Other multinational companies are also planning changes. LinkedIn, a unit of Microsoft Corp, tells users in its existing terms of service that if they are outside the United States, they have a contract with LinkedIn Ireland. New terms that take effect May 8 move nonEuropeans to contracts with US-based LinkedIn Corp.
LinkedIn said in a statement on Wednesday that all users are entitled to the same privacy protections. “We’ve
simply streamlined the contract location to ensure all members understand the LinkedIn entity responsible for their personal data,” the company said.
Meanwhile, Facebook Inc’s Chief Executive Mark Zuckerberg came under pressure from EU lawmakers on Wednesday to come to Europe and shed light on the data breach involving Cambridge Analytica that affected nearly three million Europeans.
The world’s largest social network is under fire worldwide after information about nearly 87 million users wrongly ended up in the hands of the British political consultancy, a firm hired by Donald Trump for his 2016 US presidential election campaign.
European Parliament President Antonio Tajani last week repeated his request to Zuckerberg to appear before the assembly, saying that sending a junior executive would not suffice.
EU Justice Commissioner Vera Jourova, who recently spoke to Facebook Chief Operating Officer Sheryl Sandberg, said Zuckerberg should heed the lawmakers’ call.
“This case is too important to treat as business as usual,” Jourova told an assembly of lawmakers.
“I advised Sheryl Sandberg that Zuckerberg should accept the invitation from the European Parliament. (EU digital chief Andrius) Ansip refers to the invitation as a measure of rebuilding trust,” she said.
Facebook did not respond to a request for comment.
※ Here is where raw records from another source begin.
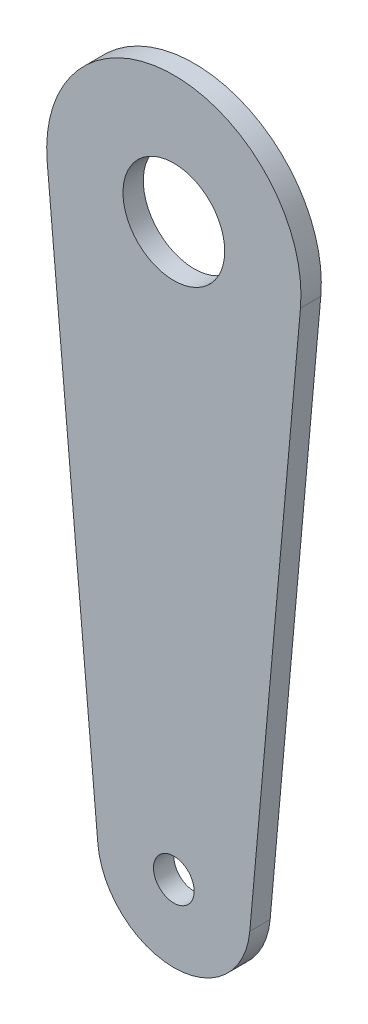
ISO-10303-21;
HEADER;
FILE_DESCRIPTION(('STEP AP214'),'2;1');
FILE_NAME('part.step','',(''),(''),'','','');
FILE_SCHEMA(('AUTOMOTIVE_DESIGN { 1 0 10303 214 1 1 1 1 }'));
ENDSEC;
DATA;
#1=APPLICATION_CONTEXT('core data for automotive mechanical design processes');
#2=APPLICATION_PROTOCOL_DEFINITION('international standard','automotive_design',2000,#1);
#3=PRODUCT_CONTEXT('',#1,'mechanical');
#4=PRODUCT('Part','Part','',(#3));
#5=PRODUCT_RELATED_PRODUCT_CATEGORY('part','',(#4));
#6=PRODUCT_DEFINITION_FORMATION('','',#4);
#7=PRODUCT_DEFINITION_CONTEXT('part definition',#1,'design');
#8=PRODUCT_DEFINITION('design','',#6,#7);
#9=PRODUCT_DEFINITION_SHAPE('','',#8);
#10=(LENGTH_UNIT() NAMED_UNIT(*) SI_UNIT(.MILLI.,.METRE.));
#11=(NAMED_UNIT(*) PLANE_ANGLE_UNIT() SI_UNIT($,.RADIAN.));
#12=(NAMED_UNIT(*) SI_UNIT($,.STERADIAN.) SOLID_ANGLE_UNIT());
#13=UNCERTAINTY_MEASURE_WITH_UNIT(LENGTH_MEASURE(1.E-05),#10,'distance_accuracy_value','');
#14=(GEOMETRIC_REPRESENTATION_CONTEXT(3) GLOBAL_UNCERTAINTY_ASSIGNED_CONTEXT((#13)) GLOBAL_UNIT_ASSIGNED_CONTEXT((#10,
#11,#12)) REPRESENTATION_CONTEXT('',''));
#15=CARTESIAN_POINT('',(0.,0.,0.));
#16=DIRECTION('',(0.,0.,1.));
#17=DIRECTION('',(1.,0.,0.));
#18=AXIS2_PLACEMENT_3D('',#15,#16,#17);
#19=CARTESIAN_POINT('',(15.9694452940245,-1.43156090561225,4.));
#20=DIRECTION('',(-0.996006054813167,0.0892857142857142,0.));
#21=DIRECTION('',(-0.0892857142857142,-0.996006054813167,0.));
#22=AXIS2_PLACEMENT_3D('',#19,#20,#21);
#23=PLANE('',#22);
#24=DIRECTION('',(0.0892857142857142,0.996006054813167,0.));
#25=VECTOR('',#24,1.);
#26=CARTESIAN_POINT('',(15.9694452940245,-1.43156090561225,0.));
#27=LINE('',#26,#25);
#28=CARTESIAN_POINT('',(14.9400908221975,-12.9142857142857,0.));
#29=VERTEX_POINT('',#28);
#30=CARTESIAN_POINT('',(24.9001513703292,98.1928571428572,0.));
#31=VERTEX_POINT('',#30);
#32=EDGE_CURVE('E121',#29,#31,#27,.T.);
#33=ORIENTED_EDGE('',*,*,#32,.T.);
#34=DIRECTION('',(0.,0.,-1.));
#35=VECTOR('',#34,1.);
#36=CARTESIAN_POINT('',(24.9001513703292,98.1928571428572,4.));
#37=LINE('',#36,#35);
#38=CARTESIAN_POINT('',(24.9001513703292,98.1928571428572,4.));
#39=VERTEX_POINT('',#38);
#40=EDGE_CURVE('E11',#39,#31,#37,.T.);
#41=ORIENTED_EDGE('',*,*,#40,.F.);
#42=DIRECTION('',(0.0892857142857142,0.996006054813167,0.));
#43=VECTOR('',#42,1.);
#44=CARTESIAN_POINT('',(15.9694452940245,-1.43156090561225,4.));
#45=LINE('',#44,#43);
#46=CARTESIAN_POINT('',(14.9400908221975,-12.9142857142857,4.));
#47=VERTEX_POINT('',#46);
#48=EDGE_CURVE('E96',#47,#39,#45,.T.);
#49=ORIENTED_EDGE('',*,*,#48,.F.);
#50=DIRECTION('',(0.,0.,-1.));
#51=VECTOR('',#50,1.);
#52=CARTESIAN_POINT('',(14.9400908221975,-12.9142857142857,4.));
#53=LINE('',#52,#51);
#54=EDGE_CURVE('E112',#47,#29,#53,.T.);
#55=ORIENTED_EDGE('',*,*,#54,.T.);
#56=EDGE_LOOP('',(#33,#41,#49,#55));
#57=FACE_BOUND('',#56,.T.);
#58=ADVANCED_FACE('F50',(#57),#23,.F.);
#59=CARTESIAN_POINT('',(0.,100.425,4.));
#60=DIRECTION('',(0.,0.,-1.));
#61=DIRECTION('',(-1.,0.,0.));
#62=AXIS2_PLACEMENT_3D('',#59,#60,#61);
#63=CYLINDRICAL_SURFACE('',#62,25.);
#64=CARTESIAN_POINT('',(0.,100.425,0.));
#65=DIRECTION('',(0.,0.,1.));
#66=DIRECTION('',(1.,0.,0.));
#67=AXIS2_PLACEMENT_3D('',#64,#65,#66);
#68=CIRCLE('',#67,25.);
#69=CARTESIAN_POINT('',(-24.9001513703292,98.1928571428572,0.));
#70=VERTEX_POINT('',#69);
#71=EDGE_CURVE('E105',#31,#70,#68,.T.);
#72=ORIENTED_EDGE('',*,*,#71,.T.);
#73=DIRECTION('',(0.,0.,-1.));
#74=VECTOR('',#73,1.);
#75=CARTESIAN_POINT('',(-24.9001513703292,98.1928571428572,4.));
#76=LINE('',#75,#74);
#77=CARTESIAN_POINT('',(-24.9001513703292,98.1928571428572,4.));
#78=VERTEX_POINT('',#77);
#79=EDGE_CURVE('E60',#78,#70,#76,.T.);
#80=ORIENTED_EDGE('',*,*,#79,.F.);
#81=CARTESIAN_POINT('',(0.,100.425,4.));
#82=DIRECTION('',(0.,0.,1.));
#83=DIRECTION('',(1.,0.,0.));
#84=AXIS2_PLACEMENT_3D('',#81,#82,#83);
#85=CIRCLE('',#84,25.);
#86=EDGE_CURVE('E91',#39,#78,#85,.T.);
#87=ORIENTED_EDGE('',*,*,#86,.F.);
#88=ORIENTED_EDGE('',*,*,#40,.T.);
#89=EDGE_LOOP('',(#72,#80,#87,#88));
#90=FACE_BOUND('',#89,.T.);
#91=ADVANCED_FACE('F102',(#90),#63,.T.);
#92=CARTESIAN_POINT('',(-15.9694452940245,-1.43156090561225,4.));
#93=DIRECTION('',(-0.996006054813167,-0.0892857142857145,0.));
#94=DIRECTION('',(0.0892857142857145,-0.996006054813167,0.));
#95=AXIS2_PLACEMENT_3D('',#92,#93,#94);
#96=PLANE('',#95);
#97=DIRECTION('',(-0.0892857142857144,0.996006054813167,0.));
#98=VECTOR('',#97,1.);
#99=CARTESIAN_POINT('',(-15.9694452940245,-1.43156090561225,0.));
#100=LINE('',#99,#98);
#101=CARTESIAN_POINT('',(-14.9400908221975,-12.9142857142857,0.));
#102=VERTEX_POINT('',#101);
#103=EDGE_CURVE('E129',#102,#70,#100,.T.);
#104=ORIENTED_EDGE('',*,*,#103,.F.);
#105=DIRECTION('',(0.,0.,-1.));
#106=VECTOR('',#105,1.);
#107=CARTESIAN_POINT('',(-14.9400908221975,-12.9142857142857,4.));
#108=LINE('',#107,#106);
#109=CARTESIAN_POINT('',(-14.9400908221975,-12.9142857142857,4.));
#110=VERTEX_POINT('',#109);
#111=EDGE_CURVE('E83',#110,#102,#108,.T.);
#112=ORIENTED_EDGE('',*,*,#111,.F.);
#113=DIRECTION('',(-0.0892857142857144,0.996006054813167,0.));
#114=VECTOR('',#113,1.);
#115=CARTESIAN_POINT('',(-15.9694452940245,-1.43156090561225,4.));
#116=LINE('',#115,#114);
#117=EDGE_CURVE('E92',#110,#78,#116,.T.);
#118=ORIENTED_EDGE('',*,*,#117,.T.);
#119=ORIENTED_EDGE('',*,*,#79,.T.);
#120=EDGE_LOOP('',(#104,#112,#118,#119));
#121=FACE_BOUND('',#120,.T.);
#122=ADVANCED_FACE('F110',(#121),#96,.T.);
#123=CARTESIAN_POINT('',(0.,100.425,4.));
#124=DIRECTION('',(0.,0.,-1.));
#125=DIRECTION('',(-1.,0.,0.));
#126=AXIS2_PLACEMENT_3D('',#123,#124,#125);
#127=CYLINDRICAL_SURFACE('',#126,10.);
#128=CARTESIAN_POINT('',(0.,100.425,4.));
#129=DIRECTION('',(0.,0.,1.));
#130=DIRECTION('',(1.,0.,0.));
#131=AXIS2_PLACEMENT_3D('',#128,#129,#130);
#132=CIRCLE('',#131,10.);
#133=CARTESIAN_POINT('',(10.,100.425,4.));
#134=VERTEX_POINT('',#133);
#135=EDGE_CURVE('E173',#134,#134,#132,.T.);
#136=ORIENTED_EDGE('',*,*,#135,.T.);
#137=EDGE_LOOP('',(#136));
#138=FACE_BOUND('',#137,.T.);
#139=CARTESIAN_POINT('',(0.,100.425,0.));
#140=DIRECTION('',(0.,0.,1.));
#141=DIRECTION('',(1.,0.,0.));
#142=AXIS2_PLACEMENT_3D('',#139,#140,#141);
#143=CIRCLE('',#142,10.);
#144=CARTESIAN_POINT('',(10.,100.425,0.));
#145=VERTEX_POINT('',#144);
#146=EDGE_CURVE('E117',#145,#145,#143,.T.);
#147=ORIENTED_EDGE('',*,*,#146,.F.);
#148=EDGE_LOOP('',(#147));
#149=FACE_BOUND('',#148,.T.);
#150=ADVANCED_FACE('F158',(#138,#149),#127,.F.);
#151=CARTESIAN_POINT('',(0.,-11.575,4.));
#152=DIRECTION('',(0.,0.,-1.));
#153=DIRECTION('',(-1.,0.,0.));
#154=AXIS2_PLACEMENT_3D('',#151,#152,#153);
#155=CYLINDRICAL_SURFACE('',#154,4.);
#156=CARTESIAN_POINT('',(0.,-11.575,4.));
#157=DIRECTION('',(0.,0.,1.));
#158=DIRECTION('',(1.,0.,0.));
#159=AXIS2_PLACEMENT_3D('',#156,#157,#158);
#160=CIRCLE('',#159,4.);
#161=CARTESIAN_POINT('',(4.00000000000001,-11.575,4.));
#162=VERTEX_POINT('',#161);
#163=EDGE_CURVE('E132',#162,#162,#160,.T.);
#164=ORIENTED_EDGE('',*,*,#163,.T.);
#165=EDGE_LOOP('',(#164));
#166=FACE_BOUND('',#165,.T.);
#167=CARTESIAN_POINT('',(0.,-11.575,0.));
#168=DIRECTION('',(0.,0.,1.));
#169=DIRECTION('',(1.,0.,0.));
#170=AXIS2_PLACEMENT_3D('',#167,#168,#169);
#171=CIRCLE('',#170,4.);
#172=CARTESIAN_POINT('',(4.00000000000001,-11.575,0.));
#173=VERTEX_POINT('',#172);
#174=EDGE_CURVE('E113',#173,#173,#171,.T.);
#175=ORIENTED_EDGE('',*,*,#174,.F.);
#176=EDGE_LOOP('',(#175));
#177=FACE_BOUND('',#176,.T.);
#178=ADVANCED_FACE('F47',(#166,#177),#155,.F.);
#179=CARTESIAN_POINT('',(0.,-11.575,4.));
#180=DIRECTION('',(0.,0.,-1.));
#181=DIRECTION('',(-1.,0.,0.));
#182=AXIS2_PLACEMENT_3D('',#179,#180,#181);
#183=CYLINDRICAL_SURFACE('',#182,15.);
#184=CARTESIAN_POINT('',(0.,-11.575,0.));
#185=DIRECTION('',(0.,0.,1.));
#186=DIRECTION('',(1.,0.,0.));
#187=AXIS2_PLACEMENT_3D('',#184,#185,#186);
#188=CIRCLE('',#187,15.);
#189=EDGE_CURVE('E84',#102,#29,#188,.T.);
#190=ORIENTED_EDGE('',*,*,#189,.T.);
#191=ORIENTED_EDGE('',*,*,#54,.F.);
#192=CARTESIAN_POINT('',(0.,-11.575,4.));
#193=DIRECTION('',(0.,0.,1.));
#194=DIRECTION('',(1.,0.,0.));
#195=AXIS2_PLACEMENT_3D('',#192,#193,#194);
#196=CIRCLE('',#195,15.);
#197=EDGE_CURVE('E64',#110,#47,#196,.T.);
#198=ORIENTED_EDGE('',*,*,#197,.F.);
#199=ORIENTED_EDGE('',*,*,#111,.T.);
#200=EDGE_LOOP('',(#190,#191,#198,#199));
#201=FACE_BOUND('',#200,.T.);
#202=ADVANCED_FACE('F149',(#201),#183,.T.);
#203=CARTESIAN_POINT('',(0.,0.,4.));
#204=DIRECTION('',(0.,0.,1.));
#205=DIRECTION('',(1.,0.,0.));
#206=AXIS2_PLACEMENT_3D('',#203,#204,#205);
#207=PLANE('',#206);
#208=ORIENTED_EDGE('',*,*,#163,.F.);
#209=EDGE_LOOP('',(#208));
#210=FACE_BOUND('',#209,.T.);
#211=ORIENTED_EDGE('',*,*,#135,.F.);
#212=EDGE_LOOP('',(#211));
#213=FACE_BOUND('',#212,.T.);
#214=ORIENTED_EDGE('',*,*,#48,.T.);
#215=ORIENTED_EDGE('',*,*,#86,.T.);
#216=ORIENTED_EDGE('',*,*,#117,.F.);
#217=ORIENTED_EDGE('',*,*,#197,.T.);
#218=EDGE_LOOP('',(#214,#215,#216,#217));
#219=FACE_BOUND('',#218,.T.);
#220=ADVANCED_FACE('F95',(#210,#213,#219),#207,.T.);
#221=CARTESIAN_POINT('',(0.,0.,0.));
#222=DIRECTION('',(0.,0.,1.));
#223=DIRECTION('',(1.,0.,0.));
#224=AXIS2_PLACEMENT_3D('',#221,#222,#223);
#225=PLANE('',#224);
#226=ORIENTED_EDGE('',*,*,#174,.T.);
#227=EDGE_LOOP('',(#226));
#228=FACE_BOUND('',#227,.T.);
#229=ORIENTED_EDGE('',*,*,#146,.T.);
#230=EDGE_LOOP('',(#229));
#231=FACE_BOUND('',#230,.T.);
#232=ORIENTED_EDGE('',*,*,#32,.F.);
#233=ORIENTED_EDGE('',*,*,#189,.F.);
#234=ORIENTED_EDGE('',*,*,#103,.T.);
#235=ORIENTED_EDGE('',*,*,#71,.F.);
#236=EDGE_LOOP('',(#232,#233,#234,#235));
#237=FACE_BOUND('',#236,.T.);
#238=ADVANCED_FACE('F141',(#228,#231,#237),#225,.F.);
#239=CLOSED_SHELL('',(#58,#91,#122,#150,#178,#202,#220,#238));
#240=MANIFOLD_SOLID_BREP('B2',#239);
#241=ADVANCED_BREP_SHAPE_REPRESENTATION('',(#18,#240),#14);
#242=SHAPE_DEFINITION_REPRESENTATION(#9,#241);
ENDSEC;
END-ISO-10303-21;

Zuckerberg fielded 10 hours of questions over two days from nearly 100 US lawmakers last week and emerged largely unscathed. He will meet Ansip in San Francisco on Tuesday.
Another European lawmaker Sophia in’t Veld echoed the call from her colleagues, saying that the Facebook CEO should do them the same courtesy.
“I think Zuckerberg would be well advised to appear at the Parliament out of respect for Europeans,” she said.
Lawmaker Viviane Reding, the architect of the EU’s landmark privacy law which will come into effect on May 25, giving Europeans more control over their online data, said the right laws would bring back trust among users.